Nvidia and Palantir have partnered to deploy AI for supply-chain management, beginning with Nvidia’s network of millions of parts, thousands of suppliers and global partners. Their system pairs mathematical optimization with a model trained on past expert decisions, but Nvidia says a planner still reviews each recommendation and makes the final allocation call.
The first deployment is a difficult proving ground. Nvidia says a single Vera Rubin rack contains 1.3 million components, while its wider operation has to match changing material availability with manufacturing capacity, supplier commitments and customer obligations across multiple sites. A component that blocks production one week may not be the constraint the next.
One allocation problem, two kinds of input
On the quantitative side, Nvidia cuOpt solves a weekly mixed-integer linear program, a method for choosing among constrained options. Its objective is to minimize the time materials remain under Nvidia’s ownership across manufacturing sites. The tool also identifies the binding constraint behind an allocation, so planners can test alternatives rather than receive only one answer.
Nvidia says historical back-testing showed why optimization alone was not enough. Human planners were factoring in partner emails, weather forecasts, geopolitical events and supplier debriefs that the solver could not see. The partnership’s core bet is that those rationales can become a governed record for future recommendations instead of remaining informal knowledge held by individual planners.

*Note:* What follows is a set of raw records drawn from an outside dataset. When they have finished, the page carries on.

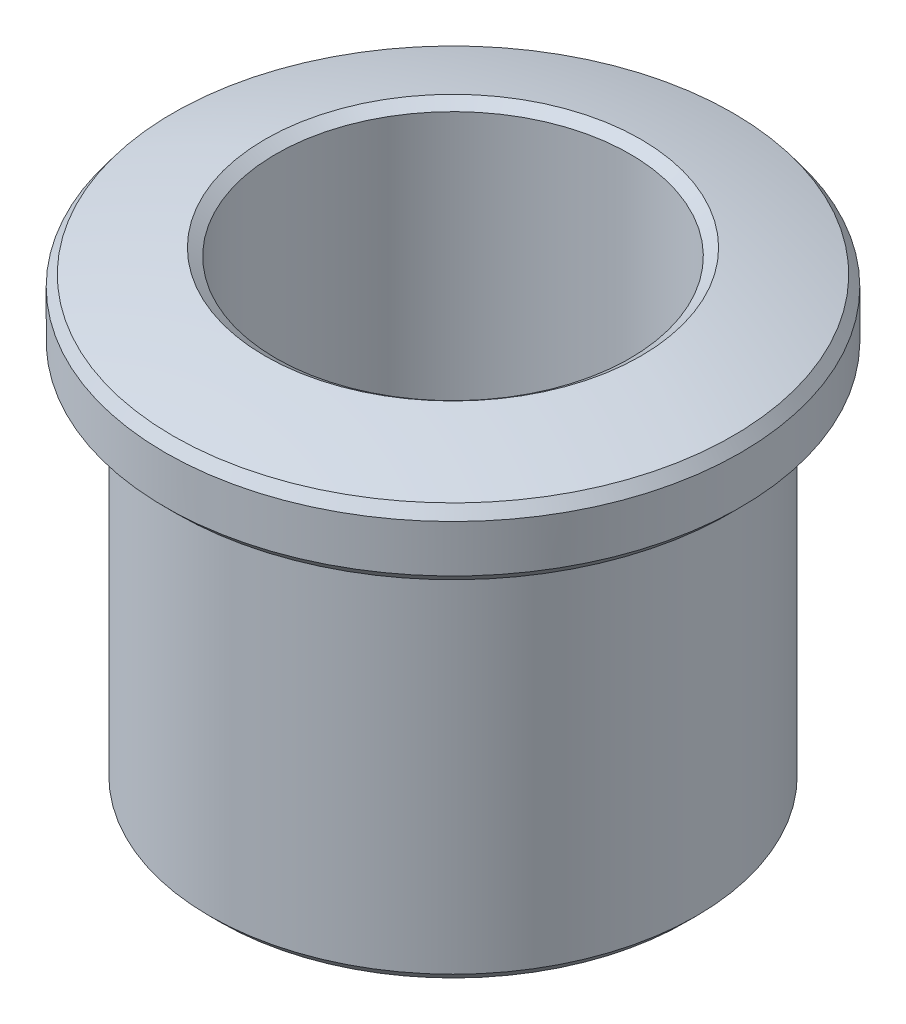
ISO-10303-21;
HEADER;
FILE_DESCRIPTION(('STEP AP214'),'2;1');
FILE_NAME('part.step','',(''),(''),'','','');
FILE_SCHEMA(('AUTOMOTIVE_DESIGN { 1 0 10303 214 1 1 1 1 }'));
ENDSEC;
DATA;
#1=APPLICATION_CONTEXT('core data for automotive mechanical design processes');
#2=APPLICATION_PROTOCOL_DEFINITION('international standard','automotive_design',2000,#1);
#3=PRODUCT_CONTEXT('',#1,'mechanical');
#4=PRODUCT('Part','Part','',(#3));
#5=PRODUCT_RELATED_PRODUCT_CATEGORY('part','',(#4));
#6=PRODUCT_DEFINITION_FORMATION('','',#4);
#7=PRODUCT_DEFINITION_CONTEXT('part definition',#1,'design');
#8=PRODUCT_DEFINITION('design','',#6,#7);
#9=PRODUCT_DEFINITION_SHAPE('','',#8);
#10=(LENGTH_UNIT() NAMED_UNIT(*) SI_UNIT(.MILLI.,.METRE.));
#11=(NAMED_UNIT(*) PLANE_ANGLE_UNIT() SI_UNIT($,.RADIAN.));
#12=(NAMED_UNIT(*) SI_UNIT($,.STERADIAN.) SOLID_ANGLE_UNIT());
#13=UNCERTAINTY_MEASURE_WITH_UNIT(LENGTH_MEASURE(1.E-05),#10,'distance_accuracy_value','');
#14=(GEOMETRIC_REPRESENTATION_CONTEXT(3) GLOBAL_UNCERTAINTY_ASSIGNED_CONTEXT((#13)) GLOBAL_UNIT_ASSIGNED_CONTEXT((#10,
#11,#12)) REPRESENTATION_CONTEXT('',''));
#15=CARTESIAN_POINT('',(0.,0.,0.));
#16=DIRECTION('',(0.,0.,1.));
#17=DIRECTION('',(1.,0.,0.));
#18=AXIS2_PLACEMENT_3D('',#15,#16,#17);
#19=CARTESIAN_POINT('',(0.,20.,0.));
#20=DIRECTION('',(0.,-1.,0.));
#21=DIRECTION('',(0.,0.,-1.));
#22=AXIS2_PLACEMENT_3D('',#19,#20,#21);
#23=CYLINDRICAL_SURFACE('',#22,13.);
#24=CARTESIAN_POINT('',(0.,17.5,0.));
#25=DIRECTION('',(0.,-1.,0.));
#26=DIRECTION('',(0.,0.,-1.));
#27=AXIS2_PLACEMENT_3D('',#24,#25,#26);
#28=CIRCLE('',#27,13.);
#29=CARTESIAN_POINT('',(0.,17.5,-13.));
#30=VERTEX_POINT('',#29);
#31=EDGE_CURVE('E56',#30,#30,#28,.F.);
#32=ORIENTED_EDGE('',*,*,#31,.T.);
#33=EDGE_LOOP('',(#32));
#34=FACE_BOUND('',#33,.T.);
#35=CARTESIAN_POINT('',(0.,19.6316890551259,0.));
#36=DIRECTION('',(0.,1.,0.));
#37=DIRECTION('',(0.,0.,1.));
#38=AXIS2_PLACEMENT_3D('',#35,#36,#37);
#39=CIRCLE('',#38,13.);
#40=CARTESIAN_POINT('',(0.,19.6316890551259,13.));
#41=VERTEX_POINT('',#40);
#42=EDGE_CURVE('E59',#41,#41,#39,.F.);
#43=ORIENTED_EDGE('',*,*,#42,.T.);
#44=EDGE_LOOP('',(#43));
#45=FACE_BOUND('',#44,.T.);
#46=ADVANCED_FACE('F27',(#34,#45),#23,.T.);
#47=CARTESIAN_POINT('',(0.,0.,0.));
#48=DIRECTION('',(0.,1.,0.));
#49=DIRECTION('',(0.,0.,1.));
#50=AXIS2_PLACEMENT_3D('',#47,#48,#49);
#51=PLANE('',#50);
#52=CARTESIAN_POINT('',(0.,0.,0.));
#53=DIRECTION('',(0.,1.,0.));
#54=DIRECTION('',(0.,0.,1.));
#55=AXIS2_PLACEMENT_3D('',#52,#53,#54);
#56=CIRCLE('',#55,10.5);
#57=CARTESIAN_POINT('',(0.,0.,10.5));
#58=VERTEX_POINT('',#57);
#59=EDGE_CURVE('E47',#58,#58,#56,.F.);
#60=ORIENTED_EDGE('',*,*,#59,.T.);
#61=EDGE_LOOP('',(#60));
#62=FACE_BOUND('',#61,.T.);
#63=CARTESIAN_POINT('',(0.,0.,0.));
#64=DIRECTION('',(0.,1.,0.));
#65=DIRECTION('',(0.,0.,1.));
#66=AXIS2_PLACEMENT_3D('',#63,#64,#65);
#67=CIRCLE('',#66,8.5);
#68=CARTESIAN_POINT('',(0.,0.,8.5));
#69=VERTEX_POINT('',#68);
#70=EDGE_CURVE('E50',#69,#69,#67,.T.);
#71=ORIENTED_EDGE('',*,*,#70,.T.);
#72=EDGE_LOOP('',(#71));
#73=FACE_BOUND('',#72,.T.);
#74=ADVANCED_FACE('F85',(#62,#73),#51,.F.);
#75=CARTESIAN_POINT('',(0.,-21.25,0.));
#76=DIRECTION('',(0.,0.,1.));
#77=DIRECTION('',(1.,0.,0.));
#78=AXIS2_PLACEMENT_3D('',#75,#76,#77);
#79=SPHERICAL_SURFACE('',#78,43.25);
#80=CARTESIAN_POINT('',(0.,-21.25,0.));
#81=DIRECTION('',(0.,-1.,0.));
#82=DIRECTION('',(0.,0.,-1.));
#83=AXIS2_PLACEMENT_3D('',#80,#81,#82);
#84=SPHERICAL_SURFACE('',#83,43.25);
#85=CARTESIAN_POINT('',(0.,21.1589112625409,0.));
#86=DIRECTION('',(0.,-1.,0.));
#87=DIRECTION('',(0.,0.,-1.));
#88=AXIS2_PLACEMENT_3D('',#85,#86,#87);
#89=CIRCLE('',#88,8.48803543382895);
#90=CARTESIAN_POINT('',(0.,21.1589112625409,-8.48803543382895));
#91=VERTEX_POINT('',#90);
#92=EDGE_CURVE('E10',#91,#91,#89,.T.);
#93=ORIENTED_EDGE('',*,*,#92,.T.);
#94=EDGE_LOOP('',(#93));
#95=FACE_BOUND('',#94,.T.);
#96=CARTESIAN_POINT('',(0.,20.1098374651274,0.));
#97=DIRECTION('',(0.,-1.,0.));
#98=DIRECTION('',(0.,0.,-1.));
#99=AXIS2_PLACEMENT_3D('',#96,#97,#98);
#100=CIRCLE('',#99,12.6461988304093);
#101=CARTESIAN_POINT('',(0.,20.1098374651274,-12.6461988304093));
#102=VERTEX_POINT('',#101);
#103=EDGE_CURVE('E53',#102,#102,#100,.F.);
#104=ORIENTED_EDGE('',*,*,#103,.T.);
#105=EDGE_LOOP('',(#104));
#106=FACE_BOUND('',#105,.T.);
#107=ADVANCED_FACE('F29',(#95,#106),#84,.T.);
#108=CARTESIAN_POINT('',(0.,0.,0.));
#109=DIRECTION('',(0.,-1.,0.));
#110=DIRECTION('',(0.,0.,-1.));
#111=AXIS2_PLACEMENT_3D('',#108,#109,#110);
#112=CYLINDRICAL_SURFACE('',#111,7.99999999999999);
#113=CARTESIAN_POINT('',(0.,20.8254896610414,0.));
#114=DIRECTION('',(0.,1.,0.));
#115=DIRECTION('',(0.,0.,1.));
#116=AXIS2_PLACEMENT_3D('',#113,#114,#115);
#117=CIRCLE('',#116,7.99999999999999);
#118=CARTESIAN_POINT('',(0.,20.8254896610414,7.99999999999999));
#119=VERTEX_POINT('',#118);
#120=EDGE_CURVE('E34',#119,#119,#117,.T.);
#121=ORIENTED_EDGE('',*,*,#120,.T.);
#122=EDGE_LOOP('',(#121));
#123=FACE_BOUND('',#122,.T.);
#124=CARTESIAN_POINT('',(0.,0.500000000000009,0.));
#125=DIRECTION('',(0.,1.,0.));
#126=DIRECTION('',(0.,0.,1.));
#127=AXIS2_PLACEMENT_3D('',#124,#125,#126);
#128=CIRCLE('',#127,7.99999999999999);
#129=CARTESIAN_POINT('',(0.,0.500000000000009,7.99999999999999));
#130=VERTEX_POINT('',#129);
#131=EDGE_CURVE('E38',#130,#130,#128,.F.);
#132=ORIENTED_EDGE('',*,*,#131,.T.);
#133=EDGE_LOOP('',(#132));
#134=FACE_BOUND('',#133,.T.);
#135=ADVANCED_FACE('F73',(#123,#134),#112,.F.);
#136=CARTESIAN_POINT('',(0.,17.,0.));
#137=DIRECTION('',(0.,-1.,0.));
#138=DIRECTION('',(0.,0.,-1.));
#139=AXIS2_PLACEMENT_3D('',#136,#137,#138);
#140=PLANE('',#139);
#141=CARTESIAN_POINT('',(0.,17.,0.));
#142=DIRECTION('',(0.,-1.,0.));
#143=DIRECTION('',(0.,0.,-1.));
#144=AXIS2_PLACEMENT_3D('',#141,#142,#143);
#145=CIRCLE('',#144,12.5);
#146=CARTESIAN_POINT('',(0.,17.,-12.5));
#147=VERTEX_POINT('',#146);
#148=EDGE_CURVE('E62',#147,#147,#145,.T.);
#149=ORIENTED_EDGE('',*,*,#148,.T.);
#150=EDGE_LOOP('',(#149));
#151=FACE_BOUND('',#150,.T.);
#152=CARTESIAN_POINT('',(0.,17.,0.));
#153=DIRECTION('',(0.,-1.,0.));
#154=DIRECTION('',(0.,0.,-1.));
#155=AXIS2_PLACEMENT_3D('',#152,#153,#154);
#156=CIRCLE('',#155,11.);
#157=CARTESIAN_POINT('',(0.,17.,-11.));
#158=VERTEX_POINT('',#157);
#159=EDGE_CURVE('E65',#158,#158,#156,.T.);
#160=ORIENTED_EDGE('',*,*,#159,.F.);
#161=EDGE_LOOP('',(#160));
#162=FACE_BOUND('',#161,.T.);
#163=ADVANCED_FACE('F71',(#151,#162),#140,.T.);
#164=CARTESIAN_POINT('',(0.,17.,0.));
#165=DIRECTION('',(0.,-1.,0.));
#166=DIRECTION('',(0.,0.,-1.));
#167=AXIS2_PLACEMENT_3D('',#164,#165,#166);
#168=CYLINDRICAL_SURFACE('',#167,11.);
#169=CARTESIAN_POINT('',(0.,0.500000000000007,0.));
#170=DIRECTION('',(0.,1.,0.));
#171=DIRECTION('',(0.,0.,1.));
#172=AXIS2_PLACEMENT_3D('',#169,#170,#171);
#173=CIRCLE('',#172,11.);
#174=CARTESIAN_POINT('',(0.,0.500000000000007,11.));
#175=VERTEX_POINT('',#174);
#176=EDGE_CURVE('E42',#175,#175,#173,.T.);
#177=ORIENTED_EDGE('',*,*,#176,.T.);
#178=EDGE_LOOP('',(#177));
#179=FACE_BOUND('',#178,.T.);
#180=ORIENTED_EDGE('',*,*,#159,.T.);
#181=EDGE_LOOP('',(#180));
#182=FACE_BOUND('',#181,.T.);
#183=ADVANCED_FACE('F69',(#179,#182),#168,.T.);
#184=CARTESIAN_POINT('',(0.,17.,0.));
#185=DIRECTION('',(0.,1.,0.));
#186=DIRECTION('',(0.,0.,1.));
#187=AXIS2_PLACEMENT_3D('',#184,#185,#186);
#188=CONICAL_SURFACE('',#187,12.5,0.785398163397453);
#189=ORIENTED_EDGE('',*,*,#31,.F.);
#190=EDGE_LOOP('',(#189));
#191=FACE_BOUND('',#190,.T.);
#192=ORIENTED_EDGE('',*,*,#148,.F.);
#193=EDGE_LOOP('',(#192));
#194=FACE_BOUND('',#193,.T.);
#195=ADVANCED_FACE('F80',(#191,#194),#188,.T.);
#196=CARTESIAN_POINT('',(0.,20.1098374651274,0.));
#197=DIRECTION('',(0.,-1.,0.));
#198=DIRECTION('',(0.,0.,-1.));
#199=AXIS2_PLACEMENT_3D('',#196,#197,#198);
#200=CONICAL_SURFACE('',#199,12.6461988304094,0.637031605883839);
#201=ORIENTED_EDGE('',*,*,#42,.F.);
#202=EDGE_LOOP('',(#201));
#203=FACE_BOUND('',#202,.T.);
#204=ORIENTED_EDGE('',*,*,#103,.F.);
#205=EDGE_LOOP('',(#204));
#206=FACE_BOUND('',#205,.T.);
#207=ADVANCED_FACE('F96',(#203,#206),#200,.T.);
#208=CARTESIAN_POINT('',(0.,0.,0.));
#209=DIRECTION('',(0.,1.,0.));
#210=DIRECTION('',(0.,0.,1.));
#211=AXIS2_PLACEMENT_3D('',#208,#209,#210);
#212=CONICAL_SURFACE('',#211,10.5,0.785398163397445);
#213=ORIENTED_EDGE('',*,*,#176,.F.);
#214=EDGE_LOOP('',(#213));
#215=FACE_BOUND('',#214,.T.);
#216=ORIENTED_EDGE('',*,*,#59,.F.);
#217=EDGE_LOOP('',(#216));
#218=FACE_BOUND('',#217,.T.);
#219=ADVANCED_FACE('F99',(#215,#218),#212,.T.);
#220=CARTESIAN_POINT('',(0.,0.500000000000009,0.));
#221=DIRECTION('',(0.,-1.,0.));
#222=DIRECTION('',(0.,0.,-1.));
#223=AXIS2_PLACEMENT_3D('',#220,#221,#222);
#224=CONICAL_SURFACE('',#223,7.99999999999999,0.785398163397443);
#225=ORIENTED_EDGE('',*,*,#70,.F.);
#226=EDGE_LOOP('',(#225));
#227=FACE_BOUND('',#226,.T.);
#228=ORIENTED_EDGE('',*,*,#131,.F.);
#229=EDGE_LOOP('',(#228));
#230=FACE_BOUND('',#229,.T.);
#231=ADVANCED_FACE('F148',(#227,#230),#224,.F.);
#232=CARTESIAN_POINT('',(0.,20.8254896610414,0.));
#233=DIRECTION('',(0.,1.,0.));
#234=DIRECTION('',(0.,0.,1.));
#235=AXIS2_PLACEMENT_3D('',#232,#233,#234);
#236=CONICAL_SURFACE('',#235,7.99999999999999,0.971440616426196);
#237=ORIENTED_EDGE('',*,*,#92,.F.);
#238=EDGE_LOOP('',(#237));
#239=FACE_BOUND('',#238,.T.);
#240=ORIENTED_EDGE('',*,*,#120,.F.);
#241=EDGE_LOOP('',(#240));
#242=FACE_BOUND('',#241,.T.);
#243=ADVANCED_FACE('F158',(#239,#242),#236,.F.);
#244=CLOSED_SHELL('',(#46,#74,#107,#135,#163,#183,#195,#207,#219,#231,#243));
#245=MANIFOLD_SOLID_BREP('B2',#244);
#246=ADVANCED_BREP_SHAPE_REPRESENTATION('',(#18,#245),#14);
#247=SHAPE_DEFINITION_REPRESENTATION(#9,#246);
ENDSEC;
END-ISO-10303-21;

Turning planning history into a model
Palantir Foundry provides the shared operating layer for the system. Its Ontology, Palantir’s name for a connected data layer, links materials, manufacturing sites, commitments, capacity, allocations, production outputs and qualitative signals. Nvidia says it built a Digital Supply Chain Intelligence command center in Foundry to bring those inputs together for allocation decisions.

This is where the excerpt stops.